Recorded data
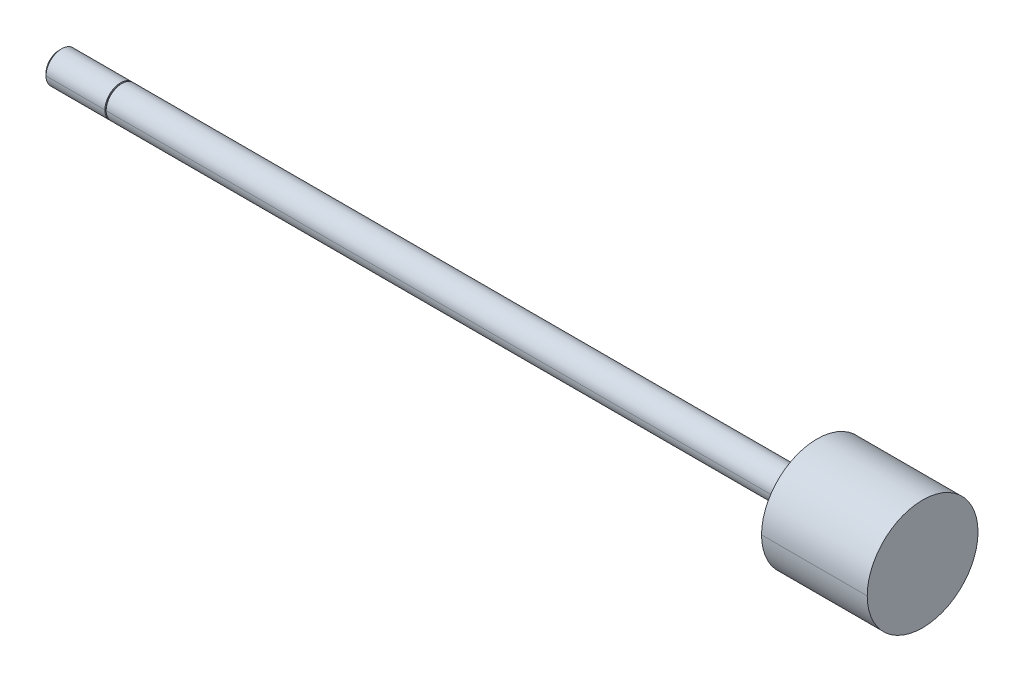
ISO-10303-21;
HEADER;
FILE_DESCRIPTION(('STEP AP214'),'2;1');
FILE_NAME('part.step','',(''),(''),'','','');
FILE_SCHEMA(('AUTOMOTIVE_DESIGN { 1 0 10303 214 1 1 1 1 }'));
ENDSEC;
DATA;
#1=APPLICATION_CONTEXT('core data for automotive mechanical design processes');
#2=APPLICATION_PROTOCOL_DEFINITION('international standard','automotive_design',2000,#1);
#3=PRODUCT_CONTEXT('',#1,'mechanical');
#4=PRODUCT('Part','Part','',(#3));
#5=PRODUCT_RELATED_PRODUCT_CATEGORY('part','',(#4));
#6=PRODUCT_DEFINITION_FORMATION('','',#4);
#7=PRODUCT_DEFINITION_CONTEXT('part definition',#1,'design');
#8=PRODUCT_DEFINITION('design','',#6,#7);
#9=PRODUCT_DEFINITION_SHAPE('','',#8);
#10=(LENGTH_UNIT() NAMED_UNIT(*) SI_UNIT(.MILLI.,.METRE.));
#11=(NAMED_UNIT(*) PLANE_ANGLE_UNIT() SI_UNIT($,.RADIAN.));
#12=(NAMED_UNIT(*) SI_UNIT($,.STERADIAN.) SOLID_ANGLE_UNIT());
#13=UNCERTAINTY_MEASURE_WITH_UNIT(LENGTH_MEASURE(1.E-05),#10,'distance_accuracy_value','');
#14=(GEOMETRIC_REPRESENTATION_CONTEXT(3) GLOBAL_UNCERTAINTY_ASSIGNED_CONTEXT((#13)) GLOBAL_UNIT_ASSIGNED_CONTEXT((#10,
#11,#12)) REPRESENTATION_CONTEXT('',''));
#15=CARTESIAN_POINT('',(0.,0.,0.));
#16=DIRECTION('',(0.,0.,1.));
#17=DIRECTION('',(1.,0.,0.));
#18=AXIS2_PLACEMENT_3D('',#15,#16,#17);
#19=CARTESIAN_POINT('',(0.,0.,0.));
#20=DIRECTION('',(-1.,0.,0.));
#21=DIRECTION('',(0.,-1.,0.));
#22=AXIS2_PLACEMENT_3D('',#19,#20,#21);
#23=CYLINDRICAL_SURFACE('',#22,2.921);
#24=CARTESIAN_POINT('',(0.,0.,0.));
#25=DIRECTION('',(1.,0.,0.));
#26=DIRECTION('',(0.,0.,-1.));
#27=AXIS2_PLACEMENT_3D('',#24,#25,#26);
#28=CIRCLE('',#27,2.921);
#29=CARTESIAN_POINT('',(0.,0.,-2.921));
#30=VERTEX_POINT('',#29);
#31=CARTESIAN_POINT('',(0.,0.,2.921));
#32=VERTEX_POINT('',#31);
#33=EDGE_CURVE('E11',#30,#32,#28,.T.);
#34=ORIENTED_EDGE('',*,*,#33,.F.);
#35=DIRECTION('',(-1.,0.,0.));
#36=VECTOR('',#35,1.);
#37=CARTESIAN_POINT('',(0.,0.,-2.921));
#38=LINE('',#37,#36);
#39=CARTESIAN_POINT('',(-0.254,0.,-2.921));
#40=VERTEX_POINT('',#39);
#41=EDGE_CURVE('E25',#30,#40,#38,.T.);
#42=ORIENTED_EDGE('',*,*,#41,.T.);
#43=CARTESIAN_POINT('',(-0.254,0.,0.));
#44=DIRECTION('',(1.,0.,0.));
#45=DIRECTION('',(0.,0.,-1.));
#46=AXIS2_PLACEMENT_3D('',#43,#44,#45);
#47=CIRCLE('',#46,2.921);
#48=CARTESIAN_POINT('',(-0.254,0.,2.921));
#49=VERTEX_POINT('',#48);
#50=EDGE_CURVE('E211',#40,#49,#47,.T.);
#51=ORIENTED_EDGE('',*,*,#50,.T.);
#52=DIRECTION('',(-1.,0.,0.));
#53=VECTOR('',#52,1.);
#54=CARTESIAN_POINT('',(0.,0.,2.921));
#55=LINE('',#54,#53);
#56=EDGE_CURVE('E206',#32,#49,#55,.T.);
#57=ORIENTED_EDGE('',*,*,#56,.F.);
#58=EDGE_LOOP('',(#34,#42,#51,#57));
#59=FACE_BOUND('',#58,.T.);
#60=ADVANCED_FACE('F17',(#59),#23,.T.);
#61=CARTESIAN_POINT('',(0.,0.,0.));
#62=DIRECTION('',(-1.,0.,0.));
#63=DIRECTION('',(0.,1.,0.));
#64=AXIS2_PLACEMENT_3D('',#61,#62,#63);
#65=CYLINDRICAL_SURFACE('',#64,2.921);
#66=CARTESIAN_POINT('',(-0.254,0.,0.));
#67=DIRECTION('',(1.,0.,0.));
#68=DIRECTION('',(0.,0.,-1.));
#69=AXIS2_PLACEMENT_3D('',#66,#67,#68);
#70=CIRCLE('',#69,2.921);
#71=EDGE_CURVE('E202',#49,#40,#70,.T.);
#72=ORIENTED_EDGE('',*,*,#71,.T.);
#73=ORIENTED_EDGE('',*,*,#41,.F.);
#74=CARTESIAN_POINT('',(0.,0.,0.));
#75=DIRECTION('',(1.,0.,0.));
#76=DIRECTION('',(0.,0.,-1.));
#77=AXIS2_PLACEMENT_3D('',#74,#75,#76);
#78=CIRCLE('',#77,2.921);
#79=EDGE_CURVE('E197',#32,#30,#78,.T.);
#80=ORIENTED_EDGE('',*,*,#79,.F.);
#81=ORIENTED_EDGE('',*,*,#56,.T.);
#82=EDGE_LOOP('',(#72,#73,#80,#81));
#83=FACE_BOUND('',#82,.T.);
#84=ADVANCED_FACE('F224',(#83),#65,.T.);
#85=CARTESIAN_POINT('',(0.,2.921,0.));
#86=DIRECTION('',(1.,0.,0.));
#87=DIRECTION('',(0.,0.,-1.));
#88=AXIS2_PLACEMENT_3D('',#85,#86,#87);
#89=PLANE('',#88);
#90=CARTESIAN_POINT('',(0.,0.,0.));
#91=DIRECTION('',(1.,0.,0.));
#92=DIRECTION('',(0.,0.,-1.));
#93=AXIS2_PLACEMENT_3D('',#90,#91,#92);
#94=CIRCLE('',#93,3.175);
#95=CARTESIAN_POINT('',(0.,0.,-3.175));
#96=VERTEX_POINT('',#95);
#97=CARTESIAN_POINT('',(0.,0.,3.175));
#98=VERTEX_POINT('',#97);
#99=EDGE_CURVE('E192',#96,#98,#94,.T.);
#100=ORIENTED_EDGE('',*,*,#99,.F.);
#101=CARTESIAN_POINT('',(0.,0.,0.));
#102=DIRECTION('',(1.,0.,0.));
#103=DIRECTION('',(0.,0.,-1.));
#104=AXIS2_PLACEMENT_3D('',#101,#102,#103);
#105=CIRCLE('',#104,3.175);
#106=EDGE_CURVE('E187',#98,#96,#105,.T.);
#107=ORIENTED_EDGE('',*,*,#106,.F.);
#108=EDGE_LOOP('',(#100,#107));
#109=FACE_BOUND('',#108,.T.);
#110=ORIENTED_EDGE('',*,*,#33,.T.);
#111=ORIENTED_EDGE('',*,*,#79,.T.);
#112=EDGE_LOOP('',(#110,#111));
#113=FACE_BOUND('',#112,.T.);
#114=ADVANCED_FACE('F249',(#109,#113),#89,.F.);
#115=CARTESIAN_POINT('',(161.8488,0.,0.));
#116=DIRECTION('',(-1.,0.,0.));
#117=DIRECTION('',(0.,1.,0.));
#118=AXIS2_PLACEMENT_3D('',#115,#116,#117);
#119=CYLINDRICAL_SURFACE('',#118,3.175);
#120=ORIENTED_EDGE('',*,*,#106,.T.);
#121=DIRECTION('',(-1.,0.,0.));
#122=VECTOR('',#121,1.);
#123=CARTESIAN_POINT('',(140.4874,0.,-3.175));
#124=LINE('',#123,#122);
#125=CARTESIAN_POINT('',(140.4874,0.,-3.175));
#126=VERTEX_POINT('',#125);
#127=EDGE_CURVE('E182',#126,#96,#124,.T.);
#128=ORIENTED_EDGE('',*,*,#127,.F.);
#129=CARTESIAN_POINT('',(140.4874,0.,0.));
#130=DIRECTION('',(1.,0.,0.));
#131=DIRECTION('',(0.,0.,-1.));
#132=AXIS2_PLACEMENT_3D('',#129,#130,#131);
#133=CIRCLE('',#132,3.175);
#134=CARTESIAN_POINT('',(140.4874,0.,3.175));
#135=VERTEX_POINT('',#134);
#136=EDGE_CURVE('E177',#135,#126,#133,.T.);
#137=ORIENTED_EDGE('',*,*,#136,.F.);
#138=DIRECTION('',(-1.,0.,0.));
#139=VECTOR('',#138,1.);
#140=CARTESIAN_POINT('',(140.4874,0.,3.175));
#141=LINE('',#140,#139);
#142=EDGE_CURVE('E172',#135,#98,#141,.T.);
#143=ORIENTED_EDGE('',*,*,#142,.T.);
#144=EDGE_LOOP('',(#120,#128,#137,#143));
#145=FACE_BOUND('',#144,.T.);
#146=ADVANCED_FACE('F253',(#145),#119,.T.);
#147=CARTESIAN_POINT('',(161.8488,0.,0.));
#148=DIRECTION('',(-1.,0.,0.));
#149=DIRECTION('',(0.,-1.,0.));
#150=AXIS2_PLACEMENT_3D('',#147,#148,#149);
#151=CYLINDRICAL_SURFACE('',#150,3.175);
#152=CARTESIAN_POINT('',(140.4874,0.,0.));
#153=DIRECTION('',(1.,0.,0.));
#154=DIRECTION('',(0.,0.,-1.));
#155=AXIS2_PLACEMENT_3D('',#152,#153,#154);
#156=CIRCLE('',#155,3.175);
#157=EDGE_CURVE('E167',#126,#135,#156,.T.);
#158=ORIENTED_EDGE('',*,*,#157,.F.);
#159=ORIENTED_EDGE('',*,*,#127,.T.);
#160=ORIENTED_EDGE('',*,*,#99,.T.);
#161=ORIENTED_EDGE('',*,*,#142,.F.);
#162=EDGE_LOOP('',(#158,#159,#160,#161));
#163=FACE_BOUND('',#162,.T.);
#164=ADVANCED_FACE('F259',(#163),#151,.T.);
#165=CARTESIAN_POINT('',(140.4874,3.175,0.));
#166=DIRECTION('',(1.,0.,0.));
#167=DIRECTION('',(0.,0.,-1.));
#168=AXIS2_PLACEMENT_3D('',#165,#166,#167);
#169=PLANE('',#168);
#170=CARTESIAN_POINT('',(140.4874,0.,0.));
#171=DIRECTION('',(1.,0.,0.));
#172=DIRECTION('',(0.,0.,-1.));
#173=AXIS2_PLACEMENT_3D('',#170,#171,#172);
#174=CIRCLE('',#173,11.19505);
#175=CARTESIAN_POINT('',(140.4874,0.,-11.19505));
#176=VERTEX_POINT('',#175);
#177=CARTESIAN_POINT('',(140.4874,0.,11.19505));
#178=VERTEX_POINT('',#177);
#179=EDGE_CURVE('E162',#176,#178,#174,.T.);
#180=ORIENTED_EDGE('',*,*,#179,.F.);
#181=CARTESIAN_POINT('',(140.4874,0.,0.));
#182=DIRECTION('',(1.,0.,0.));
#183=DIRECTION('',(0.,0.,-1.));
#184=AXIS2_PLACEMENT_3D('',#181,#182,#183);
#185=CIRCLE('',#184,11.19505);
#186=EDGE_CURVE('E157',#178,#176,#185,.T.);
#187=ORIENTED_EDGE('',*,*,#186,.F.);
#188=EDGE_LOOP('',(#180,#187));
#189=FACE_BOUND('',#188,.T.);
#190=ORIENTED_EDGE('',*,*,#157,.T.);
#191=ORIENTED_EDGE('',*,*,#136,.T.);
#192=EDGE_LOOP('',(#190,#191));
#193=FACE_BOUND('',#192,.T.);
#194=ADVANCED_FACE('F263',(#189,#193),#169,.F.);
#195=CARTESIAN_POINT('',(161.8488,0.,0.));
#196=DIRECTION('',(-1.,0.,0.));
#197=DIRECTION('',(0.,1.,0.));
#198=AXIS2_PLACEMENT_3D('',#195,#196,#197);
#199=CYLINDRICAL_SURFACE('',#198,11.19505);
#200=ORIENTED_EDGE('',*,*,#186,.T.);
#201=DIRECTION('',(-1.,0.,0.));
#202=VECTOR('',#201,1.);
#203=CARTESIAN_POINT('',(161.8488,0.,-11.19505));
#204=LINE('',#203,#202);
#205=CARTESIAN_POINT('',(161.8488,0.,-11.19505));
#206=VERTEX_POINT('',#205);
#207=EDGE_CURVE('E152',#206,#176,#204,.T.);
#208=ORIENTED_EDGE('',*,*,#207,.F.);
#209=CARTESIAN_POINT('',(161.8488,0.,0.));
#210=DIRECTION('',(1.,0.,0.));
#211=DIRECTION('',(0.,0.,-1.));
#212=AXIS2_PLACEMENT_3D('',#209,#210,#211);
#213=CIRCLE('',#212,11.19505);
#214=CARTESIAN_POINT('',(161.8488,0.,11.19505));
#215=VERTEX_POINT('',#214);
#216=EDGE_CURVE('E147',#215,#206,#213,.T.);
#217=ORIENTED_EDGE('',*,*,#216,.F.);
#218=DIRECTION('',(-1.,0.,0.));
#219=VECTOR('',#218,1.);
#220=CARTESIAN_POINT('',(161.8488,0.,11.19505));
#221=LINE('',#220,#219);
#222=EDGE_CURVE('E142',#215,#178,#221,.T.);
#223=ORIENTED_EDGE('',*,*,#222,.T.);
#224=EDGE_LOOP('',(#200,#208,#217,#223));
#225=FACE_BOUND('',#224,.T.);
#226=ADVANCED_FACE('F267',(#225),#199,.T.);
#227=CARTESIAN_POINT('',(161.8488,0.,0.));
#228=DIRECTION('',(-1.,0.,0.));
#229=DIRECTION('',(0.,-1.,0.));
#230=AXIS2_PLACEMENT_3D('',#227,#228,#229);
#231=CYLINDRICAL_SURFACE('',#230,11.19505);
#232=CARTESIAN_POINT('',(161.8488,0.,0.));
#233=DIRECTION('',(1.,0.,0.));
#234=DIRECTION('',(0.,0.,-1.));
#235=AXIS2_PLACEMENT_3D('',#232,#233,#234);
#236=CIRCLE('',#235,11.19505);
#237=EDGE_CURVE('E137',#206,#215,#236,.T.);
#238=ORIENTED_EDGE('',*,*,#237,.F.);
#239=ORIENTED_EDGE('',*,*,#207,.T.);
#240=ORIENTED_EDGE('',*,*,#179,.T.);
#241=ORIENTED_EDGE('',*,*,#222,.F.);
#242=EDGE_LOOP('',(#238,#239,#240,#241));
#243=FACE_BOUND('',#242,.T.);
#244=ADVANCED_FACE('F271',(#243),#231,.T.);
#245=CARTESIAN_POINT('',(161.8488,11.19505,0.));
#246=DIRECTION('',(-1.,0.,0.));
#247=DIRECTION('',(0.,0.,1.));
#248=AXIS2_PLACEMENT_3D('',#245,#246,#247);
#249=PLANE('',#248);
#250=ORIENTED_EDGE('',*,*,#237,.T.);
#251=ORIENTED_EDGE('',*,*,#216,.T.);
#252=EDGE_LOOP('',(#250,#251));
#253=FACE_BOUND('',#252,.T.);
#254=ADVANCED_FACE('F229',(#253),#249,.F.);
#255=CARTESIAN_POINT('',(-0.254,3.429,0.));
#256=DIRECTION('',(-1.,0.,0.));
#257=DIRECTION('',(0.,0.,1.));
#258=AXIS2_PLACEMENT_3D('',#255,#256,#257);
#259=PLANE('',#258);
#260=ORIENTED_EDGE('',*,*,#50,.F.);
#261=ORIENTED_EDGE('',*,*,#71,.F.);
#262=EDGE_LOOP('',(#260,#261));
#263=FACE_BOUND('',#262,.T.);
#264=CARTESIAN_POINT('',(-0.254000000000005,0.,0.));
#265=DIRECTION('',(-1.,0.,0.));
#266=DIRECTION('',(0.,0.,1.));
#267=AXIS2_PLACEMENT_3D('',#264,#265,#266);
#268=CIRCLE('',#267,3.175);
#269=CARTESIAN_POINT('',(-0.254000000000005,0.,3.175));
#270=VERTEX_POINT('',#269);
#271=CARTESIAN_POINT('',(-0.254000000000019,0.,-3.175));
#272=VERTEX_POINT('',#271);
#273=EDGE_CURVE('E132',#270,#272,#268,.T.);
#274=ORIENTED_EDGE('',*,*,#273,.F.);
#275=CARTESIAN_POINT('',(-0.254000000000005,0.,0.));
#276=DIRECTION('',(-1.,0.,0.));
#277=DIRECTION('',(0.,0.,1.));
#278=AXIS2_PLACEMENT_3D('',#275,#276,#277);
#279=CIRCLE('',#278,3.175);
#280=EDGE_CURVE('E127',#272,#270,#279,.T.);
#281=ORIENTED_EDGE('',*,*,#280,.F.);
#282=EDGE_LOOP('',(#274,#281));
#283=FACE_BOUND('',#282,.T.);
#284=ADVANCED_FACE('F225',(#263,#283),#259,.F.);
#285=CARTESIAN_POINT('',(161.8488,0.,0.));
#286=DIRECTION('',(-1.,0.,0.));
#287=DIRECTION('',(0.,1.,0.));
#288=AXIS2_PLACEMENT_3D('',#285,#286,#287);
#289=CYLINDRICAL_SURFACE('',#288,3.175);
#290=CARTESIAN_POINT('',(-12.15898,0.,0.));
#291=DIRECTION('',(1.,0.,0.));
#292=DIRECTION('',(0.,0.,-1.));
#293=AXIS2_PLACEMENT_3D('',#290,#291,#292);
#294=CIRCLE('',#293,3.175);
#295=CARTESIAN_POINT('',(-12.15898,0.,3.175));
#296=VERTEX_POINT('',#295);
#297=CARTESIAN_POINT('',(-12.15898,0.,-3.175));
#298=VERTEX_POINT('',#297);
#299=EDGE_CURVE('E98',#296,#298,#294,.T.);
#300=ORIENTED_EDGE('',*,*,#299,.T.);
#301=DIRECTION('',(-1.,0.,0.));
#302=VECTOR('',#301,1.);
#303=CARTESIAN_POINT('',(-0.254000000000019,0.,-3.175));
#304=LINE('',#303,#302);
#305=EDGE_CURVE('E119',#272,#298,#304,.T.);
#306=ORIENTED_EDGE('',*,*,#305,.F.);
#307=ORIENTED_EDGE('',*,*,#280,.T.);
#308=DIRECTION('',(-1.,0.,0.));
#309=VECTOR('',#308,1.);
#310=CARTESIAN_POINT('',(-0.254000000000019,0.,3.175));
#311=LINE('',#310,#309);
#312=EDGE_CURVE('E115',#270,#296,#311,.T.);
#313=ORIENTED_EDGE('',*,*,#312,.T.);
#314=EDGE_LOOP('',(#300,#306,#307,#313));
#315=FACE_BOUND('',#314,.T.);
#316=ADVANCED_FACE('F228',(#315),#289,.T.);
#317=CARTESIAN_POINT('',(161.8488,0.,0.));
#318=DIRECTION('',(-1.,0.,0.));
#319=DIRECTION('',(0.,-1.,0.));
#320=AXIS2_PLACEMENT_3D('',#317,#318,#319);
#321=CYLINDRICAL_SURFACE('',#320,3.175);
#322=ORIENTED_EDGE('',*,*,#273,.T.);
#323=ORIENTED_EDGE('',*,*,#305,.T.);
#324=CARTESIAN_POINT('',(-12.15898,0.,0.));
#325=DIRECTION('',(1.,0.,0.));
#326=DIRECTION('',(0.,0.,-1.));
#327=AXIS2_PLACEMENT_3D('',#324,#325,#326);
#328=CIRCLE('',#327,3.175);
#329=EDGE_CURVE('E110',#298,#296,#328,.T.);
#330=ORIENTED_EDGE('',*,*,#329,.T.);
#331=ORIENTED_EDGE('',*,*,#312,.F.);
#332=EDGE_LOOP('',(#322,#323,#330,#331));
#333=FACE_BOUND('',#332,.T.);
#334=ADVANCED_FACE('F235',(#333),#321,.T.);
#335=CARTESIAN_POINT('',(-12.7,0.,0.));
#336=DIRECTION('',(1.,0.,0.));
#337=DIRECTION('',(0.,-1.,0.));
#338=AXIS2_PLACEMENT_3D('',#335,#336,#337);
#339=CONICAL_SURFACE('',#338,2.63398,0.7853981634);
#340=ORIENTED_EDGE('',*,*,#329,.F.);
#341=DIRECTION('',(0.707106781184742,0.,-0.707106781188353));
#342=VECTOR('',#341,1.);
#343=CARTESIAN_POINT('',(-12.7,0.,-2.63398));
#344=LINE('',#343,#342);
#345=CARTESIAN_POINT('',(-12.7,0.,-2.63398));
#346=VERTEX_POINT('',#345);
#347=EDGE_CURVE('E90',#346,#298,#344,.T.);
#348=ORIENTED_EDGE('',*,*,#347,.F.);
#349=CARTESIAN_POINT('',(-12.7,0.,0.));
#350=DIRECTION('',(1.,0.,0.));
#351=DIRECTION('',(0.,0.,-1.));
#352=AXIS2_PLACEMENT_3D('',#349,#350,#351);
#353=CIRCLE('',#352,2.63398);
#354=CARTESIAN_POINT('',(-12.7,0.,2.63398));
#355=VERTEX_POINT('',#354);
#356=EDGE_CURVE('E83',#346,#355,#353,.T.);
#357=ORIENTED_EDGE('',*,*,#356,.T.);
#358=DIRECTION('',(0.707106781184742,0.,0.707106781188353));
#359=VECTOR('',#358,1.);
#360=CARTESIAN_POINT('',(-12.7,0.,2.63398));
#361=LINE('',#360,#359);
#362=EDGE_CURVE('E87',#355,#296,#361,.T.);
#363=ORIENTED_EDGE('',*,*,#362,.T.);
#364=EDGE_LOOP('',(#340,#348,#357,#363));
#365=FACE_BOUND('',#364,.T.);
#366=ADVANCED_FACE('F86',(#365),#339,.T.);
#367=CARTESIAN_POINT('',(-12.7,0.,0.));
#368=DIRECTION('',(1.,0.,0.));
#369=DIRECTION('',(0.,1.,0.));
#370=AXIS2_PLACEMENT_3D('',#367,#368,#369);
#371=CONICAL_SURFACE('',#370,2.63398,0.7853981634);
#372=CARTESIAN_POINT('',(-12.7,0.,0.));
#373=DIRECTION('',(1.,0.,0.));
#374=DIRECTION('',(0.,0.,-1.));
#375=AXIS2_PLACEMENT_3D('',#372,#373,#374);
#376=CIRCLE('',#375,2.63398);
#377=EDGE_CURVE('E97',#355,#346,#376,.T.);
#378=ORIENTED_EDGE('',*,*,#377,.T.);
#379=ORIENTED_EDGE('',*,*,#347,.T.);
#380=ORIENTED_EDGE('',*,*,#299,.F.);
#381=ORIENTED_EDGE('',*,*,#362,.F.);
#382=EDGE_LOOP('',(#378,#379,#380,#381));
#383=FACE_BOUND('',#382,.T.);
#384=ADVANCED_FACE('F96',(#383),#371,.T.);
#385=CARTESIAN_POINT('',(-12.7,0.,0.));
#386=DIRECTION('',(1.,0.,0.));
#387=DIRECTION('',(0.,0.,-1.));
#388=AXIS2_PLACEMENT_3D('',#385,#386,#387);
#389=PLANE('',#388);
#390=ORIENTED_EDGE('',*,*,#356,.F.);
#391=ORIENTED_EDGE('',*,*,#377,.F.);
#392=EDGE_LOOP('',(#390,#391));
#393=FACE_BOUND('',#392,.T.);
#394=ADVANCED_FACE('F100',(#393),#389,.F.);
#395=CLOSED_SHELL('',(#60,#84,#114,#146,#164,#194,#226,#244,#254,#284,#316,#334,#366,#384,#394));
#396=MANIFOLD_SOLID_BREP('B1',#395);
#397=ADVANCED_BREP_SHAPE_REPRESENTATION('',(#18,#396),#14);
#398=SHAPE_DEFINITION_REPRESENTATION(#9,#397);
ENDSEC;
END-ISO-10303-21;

| ACTION ITEM |
Verbatim transcription needed, from the opening line of the entries above through the line containing "#1=APPLICATION_CONTEXT('core data for"; pictures do not belong in it.

| ANSWER AREA |
ISO-10303-21;
HEADER;
FILE_DESCRIPTION(('STEP AP214'),'2;1');
FILE_NAME('part.step','',(''),(''),'','','');
FILE_SCHEMA(('AUTOMOTIVE_DESIGN { 1 0 10303 214 1 1 1 1 }'));
ENDSEC;
DATA;
#1=APPLICATION_CONTEXT('core data for automotive mechanical design processes');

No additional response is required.